You know it’s really hard to take a good look at yourself, really take the time to explore how insufficient you are and we all are in so many different ways. We are so insufficient that it’s easier to just ignore our own short comings and accept these as your flaws. But should you accept your faults and flaws and should your family and friends accept them as well? I think the answer to that question is yes and no. Like schrodinger’s cat, at one point in time there is and there isn’t.
The idea that you are at a point in time perfect because you accept your flaws and dont intend to improve is a dangerous propisition. Like Rick and Morty said you can be held hostage by your poor ideas and this is one that seems to permeate throughout society and manifests itself when people accept there shortcomings, faults and flaws which can manifests itself into conflict, chaos and even tragedy which they just accept is a part of life. Well yes it is part of life but if a trend starts to appear where the same chaos seems to emanate from one source then this might start to worry you and you might even wonder why this happens to you. e.g. Why does this happen to me? Why is there conflict? Why are my interactions with others not harmonious? Why can’t I get along with a family and/or friend? And believe me you want harmonious interactions as you will be viewed as more competent and more competent means more involvement and more involvement means an improvement in your life, it fulfils your own desire to be important as you feel important by being involved with others. That’s not to say you should agree and appease everyone, instead you should be taking care of yourself so you can give your best to those around you.

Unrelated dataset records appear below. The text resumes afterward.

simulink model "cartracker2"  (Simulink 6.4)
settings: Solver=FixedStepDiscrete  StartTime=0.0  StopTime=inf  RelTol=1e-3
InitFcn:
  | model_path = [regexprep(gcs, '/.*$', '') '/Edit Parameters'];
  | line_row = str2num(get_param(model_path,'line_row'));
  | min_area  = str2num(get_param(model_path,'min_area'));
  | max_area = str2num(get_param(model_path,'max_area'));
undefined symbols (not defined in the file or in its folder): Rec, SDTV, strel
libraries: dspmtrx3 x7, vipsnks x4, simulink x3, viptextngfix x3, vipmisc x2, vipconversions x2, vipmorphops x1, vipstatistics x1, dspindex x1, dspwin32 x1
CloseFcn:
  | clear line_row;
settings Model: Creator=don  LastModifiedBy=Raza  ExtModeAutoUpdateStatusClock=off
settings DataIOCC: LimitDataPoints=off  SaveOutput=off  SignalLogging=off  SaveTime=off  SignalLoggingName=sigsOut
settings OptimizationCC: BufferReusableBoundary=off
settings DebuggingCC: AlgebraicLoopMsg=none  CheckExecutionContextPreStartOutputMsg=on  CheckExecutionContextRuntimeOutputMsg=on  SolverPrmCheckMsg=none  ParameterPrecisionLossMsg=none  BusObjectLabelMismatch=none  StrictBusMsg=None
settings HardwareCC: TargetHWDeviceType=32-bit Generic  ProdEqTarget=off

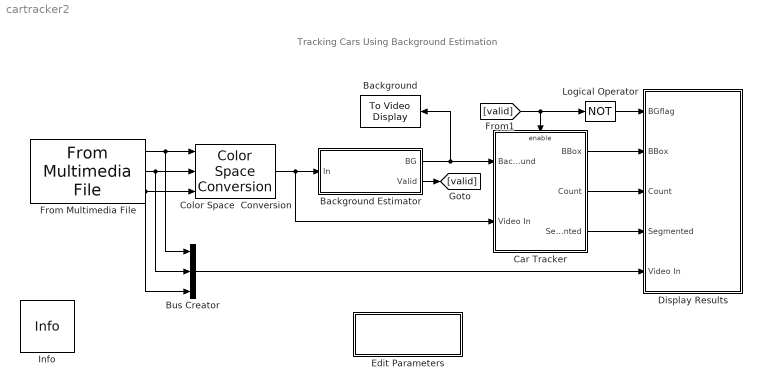
== system cartracker2 ==
  note: Tracking Cars Using Background Estimation
  Background : vipsnks/To Video Display  Orientation=left  inputType=Intensity  OutputDevice=On-screen video monitor  fullScreen=off  videoWindowX=372  videoWindowY=101  saveWindowSize=off  videoWindowWidth=168  videoWindowHeight=147
  Background Estimator : Subsystem  BlockChoice=Temporal Median Estimator
      settings: AttributesFormatString=%<BlockChoice>  MemberBlocks=Motion Based Background Estimator,Temporal Median,Temporal Median Estimator
      settings: TemplateBlock=|
      | vipmisc/Background
      | Estimator
  Bus Creator : BusCreator  Inputs=3
  Car Tracker : Subsystem  TreatAsAtomicUnit=on
  Color Space  Conversion : vipconversions/Color Space  Conversion  conversion=R'G'B' to intensity  wp_str=D65  rec=Rec. 601 (SDTV)  sys=1125/60/2:1
  Display Results : Subsystem
  Edit Parameters : Subsystem  mask(Edit Parameters){line_row=22, min_area=200, max_area=2500, BGEstimator=Estimating median over time}
      mask prompts: line_row "White line position (row):"; min_area "Minimum object area:"; max_area "Maximum object area:"; BGEstimator "Background estimation based on:"
      mask help: Modify model initialization parameters.
      mask init:
      | blk = [gcs '/Background Estimator'];
      | if BGEstimator == 1
      |     set_param(blk, 'BlockChoice', 'Temporal Median Estimator');
      | elseif BGEstimator == 2
      |     set_param(blk, 'BlockChoice', 'Temporal Median');
      | else
      |     set_param(blk, 'BlockChoice', 'Motion Based Background Estimator');
      | end
      mask StyleString: edit,edit,edit,popup(Estimating median over time|Computing median over time|Eliminating moving objects)
      mask Display: disp('Edit\nParameters')
  From Multimedia File : dspwin32/From Multimedia File  DialogController=dspDDGCreate  DialogControllerArgs=DataTag3  inputFilename=D:\Stuff\Study Material\FYP\whiz\MVI_1730.AVI  loop=on  numPlays=inf  outputStreams=Video only  videoDataType=single  audioDataType=int16  inheritSampleTime=on  userDefinedSampleTime=1/40  noAudioOutput=off  isIntensityVideo=off  outputEOF=off
  Info : vipmisc/Info  SystemSampleTime=-1
  Logical Operator : Logic  Operator=NOT  AllPortsSameDT=off  OutDataTypeMode=Boolean
  wires:
  From Multimedia File/1 -> Color Space  Conversion/1, Bus Creator/1
  From Multimedia File/2 -> Color Space  Conversion/2, Bus Creator/2
  From Multimedia File/3 -> Color Space  Conversion/3, Bus Creator/3
  Background Estimator/1(BG) -> Car Tracker/1(Background), Background/1
  Logical Operator/1 -> Display Results/1(BGflag)
  Bus Creator/1 -> Display Results/5(Video In)
  Car Tracker/1(BBox) -> Display Results/2(BBox)
  Car Tracker/2(Count) -> Display Results/3(Count)
  Car Tracker/3(Segmented) -> Display Results/4(Segmented)
  Color Space  Conversion/1 -> Car Tracker/2(Video In), Background Estimator/1(In)
  Background Estimator/2(Valid) -> [valid]
  [valid] -> Car Tracker/Enable, Logical Operator/1

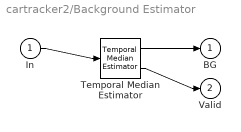
== system cartracker2/Background Estimator ==
  In : Inport
  Temporal Median Estimator : vipmisc/Temporal Median Estimator  SystemSampleTime=-1  t0=2
  BG : Outport
  Valid : Outport  Port=2
  wires:
  In/1 -> Temporal Median Estimator/1
  Temporal Median Estimator/1 -> BG/1
  Temporal Median Estimator/2 -> Valid/1

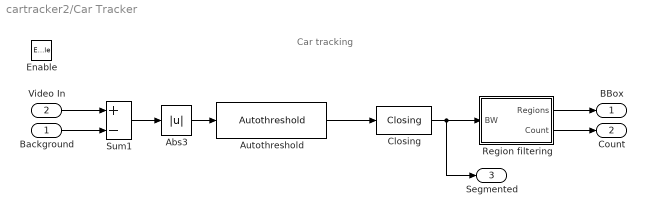
== system cartracker2/Car Tracker ==
  note: Car tracking
  Background : Inport
  Video In : Inport  Port=2
  Enable : EnablePort
  Abs3 : Abs  SaturateOnIntegerOverflow=on  SampleTime=-1
  Autothreshold : vipconversions/Autothreshold  DialogController=vipDDGCreate  DialogControllerArgs=DataTag0  operator=>  threshOut=off  effMetricOut=off  userDefinedRange=off  umin=0  umax=255  outOfRngOpt=Warn and saturate  scaleThreshold=off  scaleFactor=1  P1Mode=Specify word length  P1WordLength=32  P1FracLength=30  P2Mode=Specify word length  P2WordLength=32  P2FracLength=22  P3Mode=Specify word length  P3WordLength=32  P3FracLength=14  P4Mode=Binary point scaling  P4WordLength=32  P4FracLength=15  Q1Mode=Specify word length  Q1WordLength=32  Q1FracLength=16  EMMode=Specify word length  EMWordLength=16  EMFracLength=14  roundingMode=Floor  overflowMode=off
  Closing : vipmorphops/Closing  nhoodsrc=Specify via dialog  strel=strel('square',5)
  Region filtering : Subsystem
  Sum1 : Sum  Inputs=+-  SaturateOnIntegerOverflow=on  InputSameDT=on
  BBox : Outport
  Count : Outport  Port=2
  Segmented : Outport  Port=3
  wires:
  Video In/1 -> Sum1/1
  Background/1 -> Sum1/2
  Closing/1 -> Region filtering/1(BW), Segmented/1
  Abs3/1 -> Autothreshold/1
  Region filtering/1(Regions) -> BBox/1
  Autothreshold/1 -> Closing/1
  Sum1/1 -> Abs3/1
  Region filtering/2(Count) -> Count/1

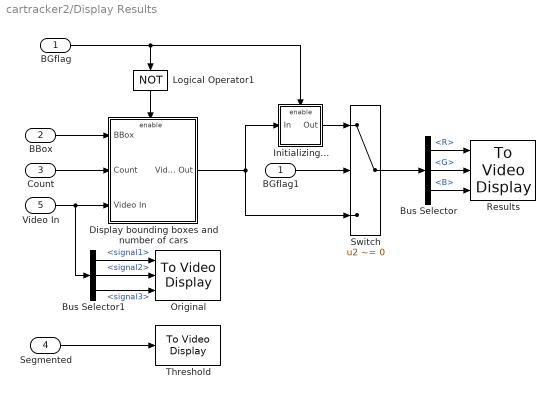
== system cartracker2/Display Results ==
  BGflag : Inport
  BBox : Inport  Port=2
  Count : Inport  Port=3
  Segmented : Inport  Port=4
  Video In : Inport  Port=5
  BGflag1 : InportShadow  Port=1  LatchByCopyingInsideSignal=off
  Bus Selector : BusSelector  OutputSignals=R,G,B
  Bus Selector1 : BusSelector  OutputSignals=signal1,signal2,signal3
  Display bounding boxes and number of cars : Subsystem
  Initializing... : Subsystem
  Logical Operator1 : Logic  Orientation=down  Operator=NOT
  Original : vipsnks/To Video Display  inputType=RGB  OutputDevice=On-screen video monitor  fullScreen=off  videoWindowX=196  videoWindowY=101  saveWindowSize=off  videoWindowWidth=168  videoWindowHeight=147
  Results : vipsnks/To Video Display  inputType=RGB  OutputDevice=On-screen video monitor  fullScreen=off  videoWindowX=720  videoWindowY=101  saveWindowSize=off  videoWindowWidth=168  videoWindowHeight=147
  Switch : Switch  Criteria=u2 ~= 0  Threshold=boolean(0)
  Threshold : vipsnks/To Video Display  inputType=Intensity  OutputDevice=On-screen video monitor  fullScreen=off  videoWindowX=544  videoWindowY=101  saveWindowSize=off  videoWindowWidth=168  videoWindowHeight=147
  wires:
  BGflag1/1 -> Switch/2
  BBox/1 -> Display bounding boxes and number of cars/1(BBox)
  Initializing.../1(Out) -> Switch/1
  Segmented/1 -> Threshold/1
  Display bounding boxes and number of cars/1(Video Out) -> Initializing.../1(In), Switch/3
  Count/1 -> Display bounding boxes and number of cars/2(Count)
  BGflag/1 -> Initializing.../Enable, Logical Operator1/1
  Logical Operator1/1 -> Display bounding boxes and number of cars/Enable
  Switch/1 -> Bus Selector/1
  Video In/1 -> Display bounding boxes and number of cars/3(Video In), Bus Selector1/1
  Bus Selector/1 -> Results/1  "<R>"
  Bus Selector/2 -> Results/2  "<G>"
  Bus Selector/3 -> Results/3  "<B>"
  Bus Selector1/1 -> Original/1  "<signal1>"
  Bus Selector1/2 -> Original/2  "<signal2>"
  Bus Selector1/3 -> Original/3  "<signal3>"

== system cartracker2/Edit Parameters ==

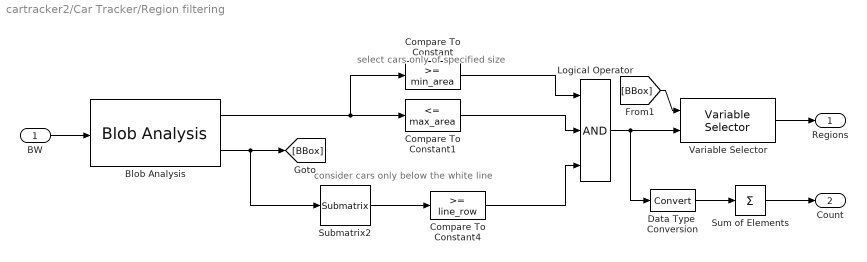
== system cartracker2/Car Tracker/Region filtering ==
  note: select cars only of specified size
  note: consider cars only below the white line
  BW : Inport
  Blob Analysis : vipstatistics/Blob Analysis  DialogController=vipDDGCreate  DialogControllerArgs=DataTag1  area=on  centroid=off  bBox=on  majorAxis=off  minorAxis=off  angle=off  eccentricity=off  equivDiameterSq=off  extent=off  perimeter=off  maxBlobs=80  warnIfNumBlobsExceeded=on  isCount=off  useMinArea=off  minArea=0  useMaxArea=off  maxArea=inf  excludeBorderBlob=off  outDT=double  isFill=on  fillValues=-1  conn=8  isLabel=off  outputMode=Binary point scaling  outputWordLength=32  outputFracLength=16  firstCoeffMode=Binary point scaling  firstCoeffWordLength=16  firstCoeffFracLength=14  secondCoeffMode=Binary point scaling  secondCoeffWordLength=32  secondCoeffFracLength=16  accumMode=Binary point scaling  accumWordLength=32  accumFracLength=0  prodOutputMode=Binary point scaling  prodOutputWordLength=32  prodOutputFracLength=16  roundingMode=Floor  overflowMode=off
  Compare To Constant : simulink/Logic and Bit Operations/Compare To Constant  SystemSampleTime=-1  relop=>=  const=min_area  LogicOutDataTypeMode=boolean  ZeroCross=off
  Compare To Constant1 : simulink/Logic and Bit Operations/Compare To Constant  SystemSampleTime=-1  relop=<=  const=max_area  LogicOutDataTypeMode=boolean  ZeroCross=off
  Compare To Constant4 : simulink/Logic and Bit Operations/Compare To Constant  SystemSampleTime=-1  relop=>=  const=line_row  LogicOutDataTypeMode=uint8  ZeroCross=off
  Data Type  Conversion : DataTypeConversion  OutDataTypeMode=uint8  SaturateOnIntegerOverflow=on  RndMeth=Zero
  Logical Operator : Logic  Inputs=3  AllPortsSameDT=off  OutDataTypeMode=Boolean
  Submatrix2 : dspmtrx3/Submatrix  RowSpan=One row  RowStartMode=Index  RowStartIndex=1  RowEndMode=Last  RowEndIndex=1  ColSpan=All columns  ColStartMode=First  ColStartIndex=1  ColEndMode=Last  ColEndIndex=1
  Sum of Elements : Sum  Inputs=+  OutScaling=2^-10
  Variable Selector : dspindex/Variable Selector  NumInputs=1  rowsOrCols=Columns  IdxMode=Variable  Elements=[1 3]  ZerOneIdxMode=Zero-based  errmode=Clip Index  FillMode=on  FillValues=-1
  Regions : Outport
  Count : Outport  Port=2
  wires:
  BW/1 -> Blob Analysis/1
  Blob Analysis/2 -> [BBox], Submatrix2/1
  Logical Operator/1 -> Variable Selector/2, Data Type  Conversion/1
  Compare To Constant/1 -> Logical Operator/1
  Compare To Constant1/1 -> Logical Operator/2
  Variable Selector/1 -> Regions/1
  Blob Analysis/1 -> Compare To Constant1/1, Compare To Constant/1
  [BBox] -> Variable Selector/1
  Submatrix2/1 -> Compare To Constant4/1
  Compare To Constant4/1 -> Logical Operator/3
  Sum of Elements/1 -> Count/1
  Data Type  Conversion/1 -> Sum of Elements/1

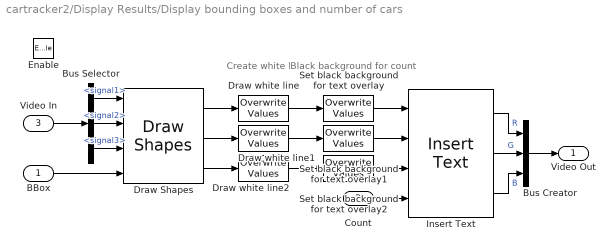
== system cartracker2/Display Results/Display bounding boxes and number of cars ==
  note: Create white
      | line
  note: Black background
      | for count
  BBox : Inport
  Count : Inport  Port=2
  Video In : Inport  Port=3
  Enable : EnablePort
  Bus Creator : BusCreator  Inputs=3
  Bus Selector : BusSelector  OutputSignals=signal1,signal2,signal3
  Draw Shapes : viptextngfix/Draw Shapes  DialogController=vipDDGCreate  DialogControllerArgs=DataTag2  inType=RGB  shape=Rectangles  fill=off  display=User-specified value  intensity=200  color=[0 1 0]  opacity=0.6  viewport=Entire image  antialiasing=off
  Draw white line : dspmtrx3/Overwrite Values  OverWriteDiag=Submatrix  valFrom2ndIP=Specify via dialog  ConstValue=1  RowSpan=Range of rows  RowStartMode=Index  RowStartIndex=line_row  RowEndMode=Index  RowEndIndex=line_row+1  ColSpan=All columns  ColStartMode=First  ColStartIndex=1  ColEndMode=Last  ColEndIndex=1  DiagSpan=Range of elements  DiagStartMode=Index  DiagStartIndex=2  DiagEndMode=Index  DiagEndIndex=4
  Draw white line1 : dspmtrx3/Overwrite Values  OverWriteDiag=Submatrix  valFrom2ndIP=Specify via dialog  ConstValue=1  RowSpan=Range of rows  RowStartMode=Index  RowStartIndex=line_row  RowEndMode=Index  RowEndIndex=line_row+1  ColSpan=All columns  ColStartMode=First  ColStartIndex=1  ColEndMode=Last  ColEndIndex=1  DiagSpan=Range of elements  DiagStartMode=Index  DiagStartIndex=2  DiagEndMode=Index  DiagEndIndex=4
  Draw white line2 : dspmtrx3/Overwrite Values  OverWriteDiag=Submatrix  valFrom2ndIP=Specify via dialog  ConstValue=1  RowSpan=Range of rows  RowStartMode=Index  RowStartIndex=line_row  RowEndMode=Index  RowEndIndex=line_row+1  ColSpan=All columns  ColStartMode=First  ColStartIndex=1  ColEndMode=Last  ColEndIndex=1  DiagSpan=Range of elements  DiagStartMode=Index  DiagStartIndex=2  DiagEndMode=Index  DiagEndIndex=4
  Insert Text : viptextngfix/Insert Text  inputType=RGB  theText='%4d'  fontFace=Arial  dummyVar1=0  blockFontSize=12  antiAliased=on  getTextLocFrom=Specify via dialog  textLoc=[0 0]  getTextColorFrom=Specify via dialog  textColor=[1 1 1]  getTextIntensityFrom=Specify via dialog  textIntensity=1  getTextOpacityFrom=Specify via dialog  textOpacity=1.0  dummyVar2=0  dummyVar3=0  dummyVar4=0
  Set black background for text overlay : dspmtrx3/Overwrite Values  OverWriteDiag=Submatrix  valFrom2ndIP=Specify via dialog  ConstValue=0  RowSpan=Range of rows  RowStartMode=First  RowStartIndex=25  RowEndMode=Index  RowEndIndex=15  ColSpan=Range of columns  ColStartMode=First  ColStartIndex=1  ColEndMode=Index  ColEndIndex=30  DiagSpan=Range of elements  DiagStartMode=Index  DiagStartIndex=2  DiagEndMode=Index  DiagEndIndex=4
  Set black background for text overlay1 : dspmtrx3/Overwrite Values  OverWriteDiag=Submatrix  valFrom2ndIP=Specify via dialog  ConstValue=0  RowSpan=Range of rows  RowStartMode=First  RowStartIndex=25  RowEndMode=Index  RowEndIndex=15  ColSpan=Range of columns  ColStartMode=First  ColStartIndex=1  ColEndMode=Index  ColEndIndex=30  DiagSpan=Range of elements  DiagStartMode=Index  DiagStartIndex=2  DiagEndMode=Index  DiagEndIndex=4
  Set black background for text overlay2 : dspmtrx3/Overwrite Values  OverWriteDiag=Submatrix  valFrom2ndIP=Specify via dialog  ConstValue=0  RowSpan=Range of rows  RowStartMode=First  RowStartIndex=25  RowEndMode=Index  RowEndIndex=15  ColSpan=Range of columns  ColStartMode=First  ColStartIndex=1  ColEndMode=Index  ColEndIndex=30  DiagSpan=Range of elements  DiagStartMode=Index  DiagStartIndex=2  DiagEndMode=Index  DiagEndIndex=4
  Video Out : Outport
  wires:
  Set black background for text overlay/1 -> Insert Text/1
  Draw white line/1 -> Set black background for text overlay/1
  Draw Shapes/1 -> Draw white line/1
  BBox/1 -> Draw Shapes/4
  Video In/1 -> Bus Selector/1
  Bus Selector/1 -> Draw Shapes/1  "<signal1>"
  Bus Selector/2 -> Draw Shapes/2  "<signal2>"
  Bus Selector/3 -> Draw Shapes/3  "<signal3>"
  Count/1 -> Insert Text/4
  Draw white line1/1 -> Set black background for text overlay1/1
  Draw white line2/1 -> Set black background for text overlay2/1
  Draw Shapes/2 -> Draw white line1/1
  Draw Shapes/3 -> Draw white line2/1
  Set black background for text overlay1/1 -> Insert Text/2
  Set black background for text overlay2/1 -> Insert Text/3
  Insert Text/1 -> Bus Creator/1  "R"
  Insert Text/2 -> Bus Creator/2  "G"
  Insert Text/3 -> Bus Creator/3  "B"
  Bus Creator/1 -> Video Out/1

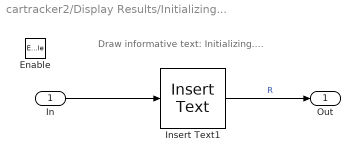
== system cartracker2/Display Results/Initializing... ==
  note: Draw informative text: Initializing....
  In : Inport
  Enable : EnablePort
  Insert Text1 : viptextngfix/Insert Text  inputType=Intensity  theText="'       initialization ...'"  fontFace=Arial  dummyVar1=0  blockFontSize=18  antiAliased=on  getTextLocFrom=Specify via dialog  textLoc=[0 0]  getTextColorFrom=Specify via dialog  textColor=[1 1 1]  getTextIntensityFrom=Specify via dialog  textIntensity=1  getTextOpacityFrom=Specify via dialog  textOpacity=1.0  dummyVar2=0  dummyVar3=0  dummyVar4=0
  Out : Outport
  wires:
  In/1 -> Insert Text1/1
  Insert Text1/1 -> Out/1  "R"

And so ultimately you realise you are insufficient in some areas and then there is the next realisation is what you should be moving towards, improving yourself.
The problem being is that if you don’t audit yourself, if you only half glance or let’s just say dip your toe in the water you never get the full picture, you need the pieces of the puzzle which pull together the full picture that gives you an opportunity to improve yourself. And I understand why you wouldn’t want to take a good look at yourself. It means admitting that you are not perfect that you are a person who needs improvement, to know that yes you are flawed and that there are probably a number of instances where your shortcomings have manifested into disagreements with others and most likely with your family and friends. Have you had a fight with a friend or family recently? But if you continue to skirt around the bushes and not understand what’s actually happening then you will be forever held hostage to the idea that your faults control and define who you are and you don’t want to be an aimless person controlled by their emotions and lack of direction, unless of course you do which is akin to drifting in the ocean with no direction, no sail and probably a boat that has got a few holes in it (in other words you won’t last very long). So you realise you have to improve, you have to, you have to be better because you deserve it and because you need it but the hardest part is really the first part and that is just taking a look at yourself which if you do will put you in a virtual hell and that is not done without courage and a significant amount of will power.
So if you do look at yourself and ask yourself questions, why this and why that only the truth will set you free and you will have to admit that you have been an embarrasment to yourself and the shame of embarrasment is so overwhelming that it might cripple you for a short time and as a result make you a more modest and humble human being. For without this we continue to repeat the same mistakes and who knows you might be able to live with it but your friends and family might not be able to. And as we are social creatures we desperately want social interactions but if your short comings continue to create chaos then how are others supposed to get along with you.
You must commit yourself to a deep hard look at yourself and you probably won’t have all the answers right away and maybe you need to gain more knowledge but there is beauty in harmony, setting the order out of your own chaos is cathartic, it’s uplifting and it’s acknowledging what’s happened.
That means be brave, go into the unknown, explore yourself, don’t beat yourself up, be honest with yourself, use an example of conflict that happened recently and figure out what really happened.
Only after you have looked at yourself can you move forward but it requires courage, bravery and lots of mental energy and for those that take up the challenge they will explore the unknown, they will set themselves on a quest, an adventure of personal discovery a pathway to greatness.
However you must enter this challenge of your own free will and those that do enter are not guranteed to be victorious. Shakespeare said – “to be or not to be that is the question” So let me ask you this would you rather be or not be. My advice, accept the challenge and explore the unknown, travel to the depts of hell and re-emerge with a light in your eyes, a strength in your posture and a focused mind.